** Opening Material shown block **
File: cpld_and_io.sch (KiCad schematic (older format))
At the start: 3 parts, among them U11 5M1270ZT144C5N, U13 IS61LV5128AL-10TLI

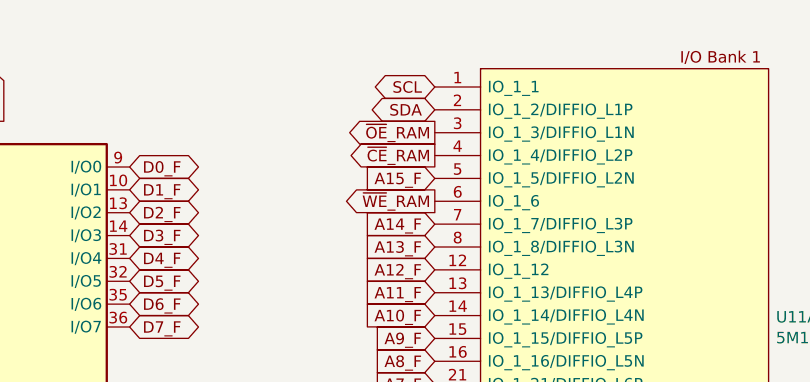
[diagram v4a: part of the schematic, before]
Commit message: recovered layout
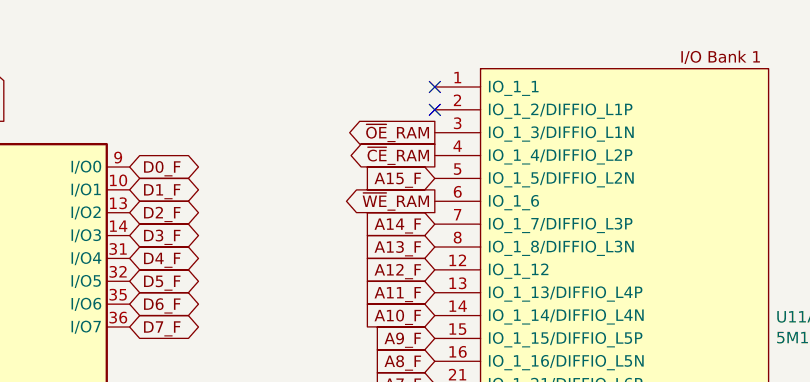
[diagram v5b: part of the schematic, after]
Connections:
- net SCL: no longer names the net of U11.1 (IO_1_1)
- net SDA: no longer names the net of U11.2 (IO_1_2/DIFFIO_L1P)
- no-connect marks 16 -> 18
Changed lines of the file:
@@
 NoConn ~ 1830 2950
 NoConn ~ 1410 2980
-Text GLabel 4365 900  0    50   BiDi ~ 0
-SDA
-Text GLabel 4365 800  0    50   BiDi ~ 0
-SCL
 Text GLabel 6865 1070 0    50   Input ~ 0
 RXB_F
@@
 Wire Wire Line
 	1170 6735 1575 6735
+NoConn ~ 4365 800
+NoConn ~ 4365 900
 $EndSCHEMATC

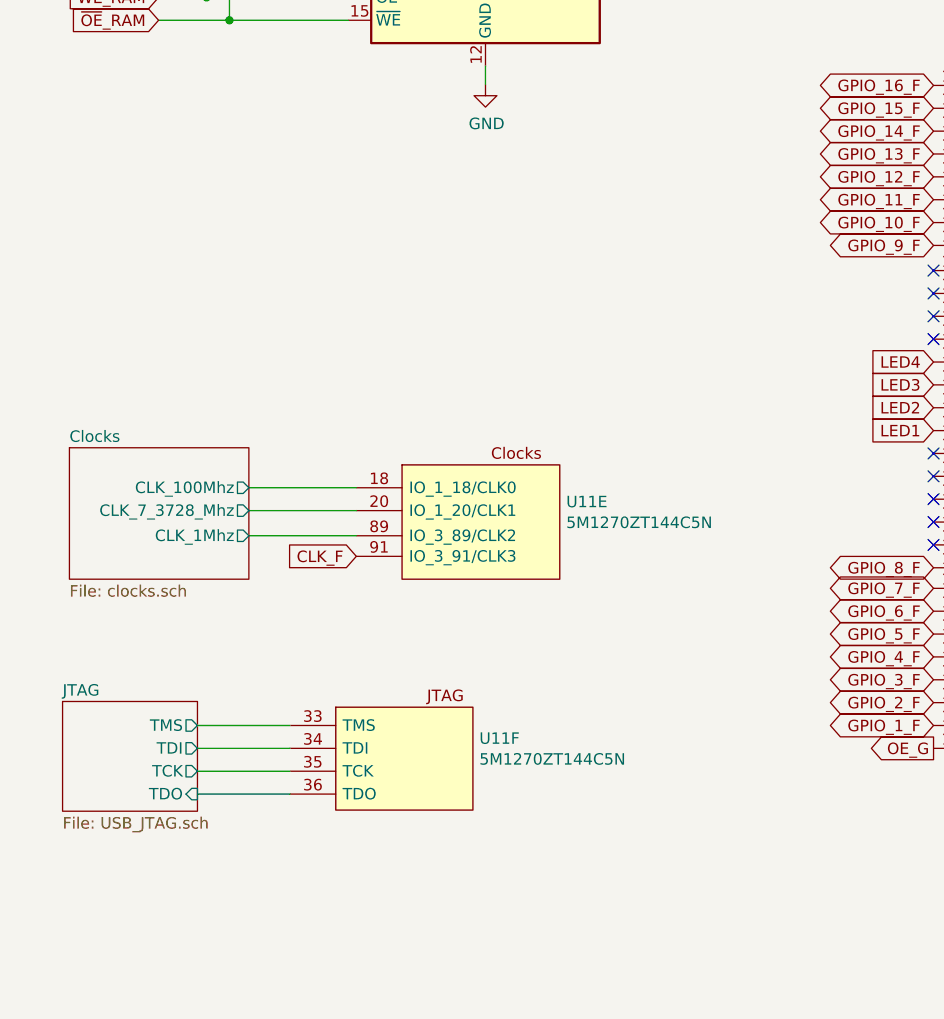
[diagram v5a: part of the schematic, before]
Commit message: placed all parts
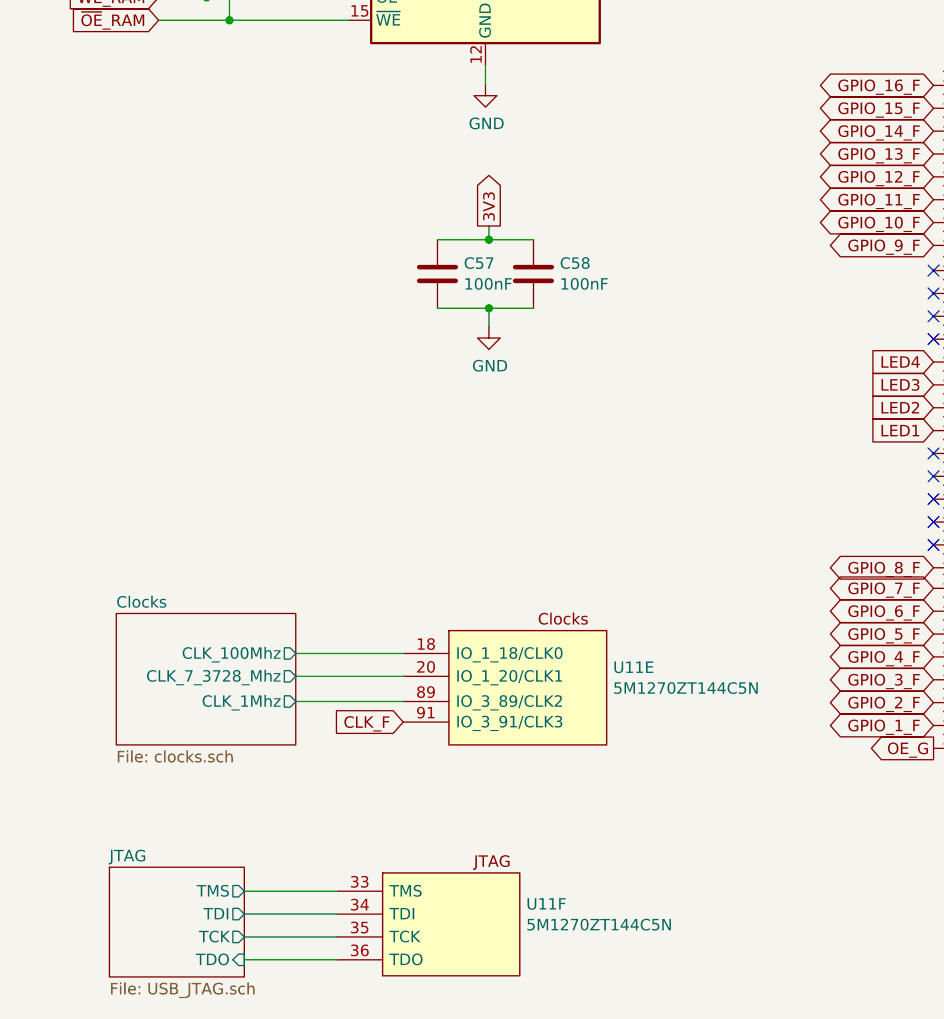
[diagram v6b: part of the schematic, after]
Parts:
- added C57, C58: 100nF, Capacitor_SMD:C_0603_1608Metric_Pad1.05x0.95mm_HandSolder, symbol Device:C
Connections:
- net 3V3: now also C57.1, C58.1
- net GND: now also C57.2, C58.2
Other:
- moved on the sheet: U11E, U11F
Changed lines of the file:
@@
 $EndDescr
 $Sheet
-S 610  5220 785  575
+S 815  5945 785  575
 U 5CFFC458
 F0 "Clocks" 50
 F1 "clocks.sch" 50
-F2 "CLK_100Mhz" O R 1395 5395 50
-F3 "CLK_7_3728_Mhz" O R 1395 5495 50
-F4 "CLK_1Mhz" O R 1395 5605 50
+F2 "CLK_100Mhz" O R 1600 6120 50
+F3 "CLK_7_3728_Mhz" O R 1600 6220 50
+F4 "CLK_1Mhz" O R 1600 6330 50
 $EndSheet
 $Comp
@@
 NoConn ~ 4390 5245
 $Sheet
-S 580  6330 590  480
+S 785  7055 590  480
 U 5D0BF766
 F0 "JTAG" 50
 F1 "USB_JTAG.sch" 50
-F2 "TCK" O R 1170 6635 50
-F3 "TDI" O R 1170 6535 50
-F4 "TDO" I R 1170 6735 50
-F5 "TMS" O R 1170 6435 50
+F2 "TCK" O R 1375 7360 50
+F3 "TDI" O R 1375 7260 50
+F4 "TDO" I R 1375 7460 50
+F5 "TMS" O R 1375 7160 50
 $EndSheet
 $Comp
 L rc2014_max_v-rescue:5M1270ZT144C5N-CPLD_Altera U?
 U 6 1 5D1673E5
-P 2085 6355
+P 2290 7080
 AR Path="/5D1673E5" Ref="U?"  Part="6"
 AR Path="/5D0F9837/5D1673E5" Ref="U?"  Part="6"
 AR Path="/5CFABACD/5D0BF766/5D1673E5" Ref="U?"  Part="6"
 AR Path="/5CFABACD/5D1673E5" Ref="U11"  Part="6"
-F 0 "U11" H 2403 6218 50  0000 L CNN
-F 1 "5M1270ZT144C5N" H 2403 6127 50  0000 L CNN
-F 2 "Package_QFP:TQFP-144_20x20mm_P0.5mm" H 3925 9255 50  0001 L CNN
-F 3 "https://www.mouser.com/datasheet/2/612/max5_handbook-1098935.pdf" H 3925 9155 50  0001 L CNN
-F 4 "CPLD - Complex Programmable Logic Devices CPLD - MAX V 980 Macro 114 IOs" H 3925 9055 50  0001 L CNN "Description"
-F 5 "1.55" H 3925 8955 50  0001 L CNN "Height"
-F 6 "Intel" H 2085 6355 50  0001 C CNN "MFR"
-F 7 "5M1270ZT144C5N" H 2085 6355 50  0001 C CNN "MPN"
-F 8 "5M1270ZT144C5N" H 3925 8555 50  0001 L CNN "Manufacturer_Part_Number"
-F 9 "989-5M1270ZT144C5N" H 2403 6318 50  0001 C CNN "SPN"
-F 10 "Mouser" H 2085 6355 50  0001 C CNN "SPR"
-F 11 "https://www.mouser.com/ProductDetail/989-5M1270ZT144C5N" H 2403 6318 50  0001 C CNN "SPURL"
-	6    2085 6355
+F 0 "U11" H 2608 6943 50  0000 L CNN
+F 1 "5M1270ZT144C5N" H 2608 6852 50  0000 L CNN
+F 2 "Package_QFP:TQFP-144_20x20mm_P0.5mm" H 4130 9980 50  0001 L CNN
+F 3 "https://www.mouser.com/datasheet/2/612/max5_handbook-1098935.pdf" H 4130 9880 50  0001 L CNN
+F 4 "CPLD - Complex Programmable Logic Devices CPLD - MAX V 980 Macro 114 IOs" H 4130 9780 50  0001 L CNN "Description"
+F 5 "1.55" H 4130 9680 50  0001 L CNN "Height"
+F 6 "Intel" H 2290 7080 50  0001 C CNN "MFR"
+F 7 "5M1270ZT144C5N" H 2290 7080 50  0001 C CNN "MPN"
+F 8 "5M1270ZT144C5N" H 4130 9280 50  0001 L CNN "Manufacturer_Part_Number"
+F 9 "989-5M1270ZT144C5N" H 2608 7043 50  0001 C CNN "SPN"
+F 10 "Mouser" H 2290 7080 50  0001 C CNN "SPR"
+F 11 "https://www.mouser.com/ProductDetail/989-5M1270ZT144C5N" H 2608 7043 50  0001 C CNN "SPURL"
+	6    2290 7080
 	1    0    0    -1
 $EndComp
@@
 L rc2014_max_v-rescue:5M1270ZT144C5N-CPLD_Altera U?
 U 5 1 5D1C4FEB
-P 2425 5295
+P 2630 6020
 AR Path="/5D0F9837/5D1C4FEB" Ref="U?"  Part="5"
 AR Path="/5CFABACD/5D1C4FEB" Ref="U11"  Part="5"
 AR Path="/5CFABACD/5CFFC458/5D1C4FEB" Ref="U?"  Part="5"
 AR Path="/5D1C4FEB" Ref="U?"  Part="5"
-F 0 "U11" H 2783 5133 50  0000 L CNN
-F 1 "5M1270ZT144C5N" H 2783 5042 50  0000 L CNN
-F 2 "Package_QFP:TQFP-144_20x20mm_P0.5mm" H 4265 8195 50  0001 L CNN
-F 3 "https://www.mouser.com/datasheet/2/612/max5_handbook-1098935.pdf" H 4265 8095 50  0001 L CNN
-F 4 "CPLD - Complex Programmable Logic Devices CPLD - MAX V 980 Macro 114 IOs" H 4265 7995 50  0001 L CNN "Description"
-F 5 "1.55" H 4265 7895 50  0001 L CNN "Height"
-F 6 "Intel" H 2425 5295 50  0001 C CNN "MFR"
-F 7 "5M1270ZT144C5N" H 2425 5295 50  0001 C CNN "MPN"
-F 8 "5M1270ZT144C5N" H 4265 7495 50  0001 L CNN "Manufacturer_Part_Number"
-F 9 "989-5M1270ZT144C5N" H 2783 5233 50  0001 C CNN "SPN"
-F 10 "Mouser" H 2425 5295 50  0001 C CNN "SPR"
-F 11 "https://www.mouser.com/ProductDetail/989-5M1270ZT144C5N" H 2783 5233 50  0001 C CNN "SPURL"
-	5    2425 5295
-	1    0    0    -1
-$EndComp
-Text GLabel 1865 5695 0    50   Input ~ 0
+F 0 "U11" H 2988 5858 50  0000 L CNN
+F 1 "5M1270ZT144C5N" H 2988 5767 50  0000 L CNN
+F 2 "Package_QFP:TQFP-144_20x20mm_P0.5mm" H 4470 8920 50  0001 L CNN
+F 3 "https://www.mouser.com/datasheet/2/612/max5_handbook-1098935.pdf" H 4470 8820 50  0001 L CNN
+F 4 "CPLD - Complex Programmable Logic Devices CPLD - MAX V 980 Macro 114 IOs" H 4470 8720 50  0001 L CNN "Description"
+F 5 "1.55" H 4470 8620 50  0001 L CNN "Height"
+F 6 "Intel" H 2630 6020 50  0001 C CNN "MFR"
+F 7 "5M1270ZT144C5N" H 2630 6020 50  0001 C CNN "MPN"
+F 8 "5M1270ZT144C5N" H 4470 8220 50  0001 L CNN "Manufacturer_Part_Number"
+F 9 "989-5M1270ZT144C5N" H 2988 5958 50  0001 C CNN "SPN"
+F 10 "Mouser" H 2630 6020 50  0001 C CNN "SPR"
+F 11 "https://www.mouser.com/ProductDetail/989-5M1270ZT144C5N" H 2988 5958 50  0001 C CNN "SPURL"
+	5    2630 6020
+	1    0    0    -1
+$EndComp
+Text GLabel 2070 6420 0    50   Input ~ 0
 CLK_F
 $Sheet
@@
 $EndSheet
 Wire Wire Line
-	1395 5605 1865 5605
-Wire Wire Line
-	1395 5495 1865 5495
-Wire Wire Line
-	1395 5395 1865 5395
-Wire Wire Line
-	1170 6435 1575 6435
-Wire Wire Line
-	1170 6535 1575 6535
-Wire Wire Line
-	1170 6635 1575 6635
-Wire Wire Line
-	1170 6735 1575 6735
+	1600 6330 2070 6330
+Wire Wire Line
+	1600 6220 2070 6220
+Wire Wire Line
+	1600 6120 2070 6120
+Wire Wire Line
+	1375 7160 1780 7160
+Wire Wire Line
+	1375 7260 1780 7260
+Wire Wire Line
+	1375 7360 1780 7360
+Wire Wire Line
+	1375 7460 1780 7460
 NoConn ~ 4365 800
 NoConn ~ 4365 900
+$Comp
+L power:GND #PWR?
+U 1 1 5D12D18F
+P 2445 4690
+AR Path="/5D12D18F" Ref="#PWR?"  Part="1"
+AR Path="/5CB63856/5D12D18F" Ref="#PWR?"  Part="1"
+AR Path="/5CB5AB00/5CB63856/5D12D18F" Ref="#PWR?"  Part="1"
+AR Path="/5CFABACD/5D12D18F" Ref="#PWR029"  Part="1"
+AR Path="/5D2A5E4A/5D12D18F" Ref="#PWR?"  Part="1"
+AR Path="/5CFABACD/5D2103A8/5D12D18F" Ref="#PWR?"  Part="1"
+F 0 "#PWR029" H 2445 4440 50  0001 C CNN
+F 1 "GND" H 2450 4517 50  0000 C CNN
+F 2 "" H 2445 4690 50  0001 C CNN
+F 3 "" H 2445 4690 50  0001 C CNN
+	1    2445 4690
+	1    0    0    -1
+$EndComp
+$Comp
+L Device:C C58
+U 1 1 5D12D19B
+P 2640 4460
+AR Path="/5CFABACD/5D12D19B" Ref="C58"  Part="1"
+AR Path="/5D12D19B" Ref="C?"  Part="1"
+AR Path="/5D2A5E4A/5D12D19B" Ref="C?"  Part="1"
+AR Path="/5CFABACD/5D2103A8/5D12D19B" Ref="C?"  Part="1"
+F 0 "C58" H 2755 4506 50  0000 L CNN
+F 1 "100nF" H 2755 4415 50  0000 L CNN
+F 2 "Capacitor_SMD:C_0603_1608Metric_Pad1.05x0.95mm_HandSolder" H 2678 4310 50  0001 C CNN
+F 3 "https://www.mouser.com/datasheet/2/396/mlcc02_e-1307760.pdf" H 2640 4460 50  0001 C CNN
+F 4 "Multilayer Ceramic Capacitors MLCC - SMD/SMT 0.1uF 25V X5R +/-10% 0603 Gen Purp" H 2755 4606 50  0001 C CNN "Description"
+F 5 "Taiyo Yuden" H -2660 -2240 50  0001 C CNN "MFR"
+F 6 "TMK107BJ104KA-T" H -2660 -2240 50  0001 C CNN "MPN"
+F 7 "963-TMK107BJ104KA-T" H 2755 4606 50  0001 C CNN "SPN"
+F 8 "Mouser" H -2660 -2240 50  0001 C CNN "SPR"
+F 9 "https://www.mouser.com/ProductDetail/963-TMK107BJ104KA-T" H -2660 -2240 50  0001 C CNN "SPURL"
+	1    2640 4460
+	1    0    0    -1
+$EndComp
+$Comp
+L Device:C C57
+U 1 1 5D12D1A7
+P 2220 4460
+AR Path="/5CFABACD/5D12D1A7" Ref="C57"  Part="1"
+AR Path="/5D12D1A7" Ref="C?"  Part="1"
+AR Path="/5D2A5E4A/5D12D1A7" Ref="C?"  Part="1"
+AR Path="/5CFABACD/5D2103A8/5D12D1A7" Ref="C?"  Part="1"
+F 0 "C57" H 2335 4506 50  0000 L CNN
+F 1 "100nF" H 2335 4415 50  0000 L CNN
+F 2 "Capacitor_SMD:C_0603_1608Metric_Pad1.05x0.95mm_HandSolder" H 2258 4310 50  0001 C CNN
+F 3 "https://www.mouser.com/datasheet/2/396/mlcc02_e-1307760.pdf" H 2220 4460 50  0001 C CNN
+F 4 "Multilayer Ceramic Capacitors MLCC - SMD/SMT 0.1uF 25V X5R +/-10% 0603 Gen Purp" H 2335 4606 50  0001 C CNN "Description"
+F 5 "Taiyo Yuden" H -3080 -2240 50  0001 C CNN "MFR"
+F 6 "TMK107BJ104KA-T" H -3080 -2240 50  0001 C CNN "MPN"
+F 7 "963-TMK107BJ104KA-T" H 2335 4606 50  0001 C CNN "SPN"
+F 8 "Mouser" H -3080 -2240 50  0001 C CNN "SPR"
+F 9 "https://www.mouser.com/ProductDetail/963-TMK107BJ104KA-T" H -3080 -2240 50  0001 C CNN "SPURL"
+	1    2220 4460
+	1    0    0    -1
+$EndComp
+Text GLabel 2445 4250 1    50   Output ~ 0
+3V3
+Wire Wire Line
+	2445 4310 2445 4250
+Wire Wire Line
+	2445 4610 2445 4690
+Wire Wire Line
+	2220 4610 2445 4610
+Wire Wire Line
+	2220 4310 2445 4310
+Connection ~ 2445 4310
+Wire Wire Line
+	2445 4310 2640 4310
+Connection ~ 2445 4610
+Wire Wire Line
+	2445 4610 2640 4610
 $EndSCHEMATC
** Closing Material shown block **
Work order
Copy word for word the stretch of entries above from the line that has "H 4130 9880" through the line that has "H 2988 5858", both ends included, and nothing outside it.

Solution to the problem
+F 3 "https://www.mouser.com/datasheet/2/612/max5_handbook-1098935.pdf" H 4130 9880 50  0001 L CNN
+F 4 "CPLD - Complex Programmable Logic Devices CPLD - MAX V 980 Macro 114 IOs" H 4130 9780 50  0001 L CNN "Description"
+F 5 "1.55" H 4130 9680 50  0001 L CNN "Height"
+F 6 "Intel" H 2290 7080 50  0001 C CNN "MFR"
+F 7 "5M1270ZT144C5N" H 2290 7080 50  0001 C CNN "MPN"
+F 8 "5M1270ZT144C5N" H 4130 9280 50  0001 L CNN "Manufacturer_Part_Number"
+F 9 "989-5M1270ZT144C5N" H 2608 7043 50  0001 C CNN "SPN"
+F 10 "Mouser" H 2290 7080 50  0001 C CNN "SPR"
+F 11 "https://www.mouser.com/ProductDetail/989-5M1270ZT144C5N" H 2608 7043 50  0001 C CNN "SPURL"
+	6    2290 7080
 	1    0    0    -1
 $EndComp
@@
 L rc2014_max_v-rescue:5M1270ZT144C5N-CPLD_Altera U?
 U 5 1 5D1C4FEB
-P 2425 5295
+P 2630 6020
 AR Path="/5D0F9837/5D1C4FEB" Ref="U?"  Part="5"
 AR Path="/5CFABACD/5D1C4FEB" Ref="U11"  Part="5"
 AR Path="/5CFABACD/5CFFC458/5D1C4FEB" Ref="U?"  Part="5"
 AR Path="/5D1C4FEB" Ref="U?"  Part="5"
-F 0 "U11" H 2783 5133 50  0000 L CNN
-F 1 "5M1270ZT144C5N" H 2783 5042 50  0000 L CNN
-F 2 "Package_QFP:TQFP-144_20x20mm_P0.5mm" H 4265 8195 50  0001 L CNN
-F 3 "https://www.mouser.com/datasheet/2/612/max5_handbook-1098935.pdf" H 4265 8095 50  0001 L CNN
-F 4 "CPLD - Complex Programmable Logic Devices CPLD - MAX V 980 Macro 114 IOs" H 4265 7995 50  0001 L CNN "Description"
-F 5 "1.55" H 4265 7895 50  0001 L CNN "Height"
-F 6 "Intel" H 2425 5295 50  0001 C CNN "MFR"
-F 7 "5M1270ZT144C5N" H 2425 5295 50  0001 C CNN "MPN"
-F 8 "5M1270ZT144C5N" H 4265 7495 50  0001 L CNN "Manufacturer_Part_Number"
-F 9 "989-5M1270ZT144C5N" H 2783 5233 50  0001 C CNN "SPN"
-F 10 "Mouser" H 2425 5295 50  0001 C CNN "SPR"
-F 11 "https://www.mouser.com/ProductDetail/989-5M1270ZT144C5N" H 2783 5233 50  0001 C CNN "SPURL"
-	5    2425 5295
-	1    0    0    -1
-$EndComp
-Text GLabel 1865 5695 0    50   Input ~ 0
+F 0 "U11" H 2988 5858 50  0000 L CNN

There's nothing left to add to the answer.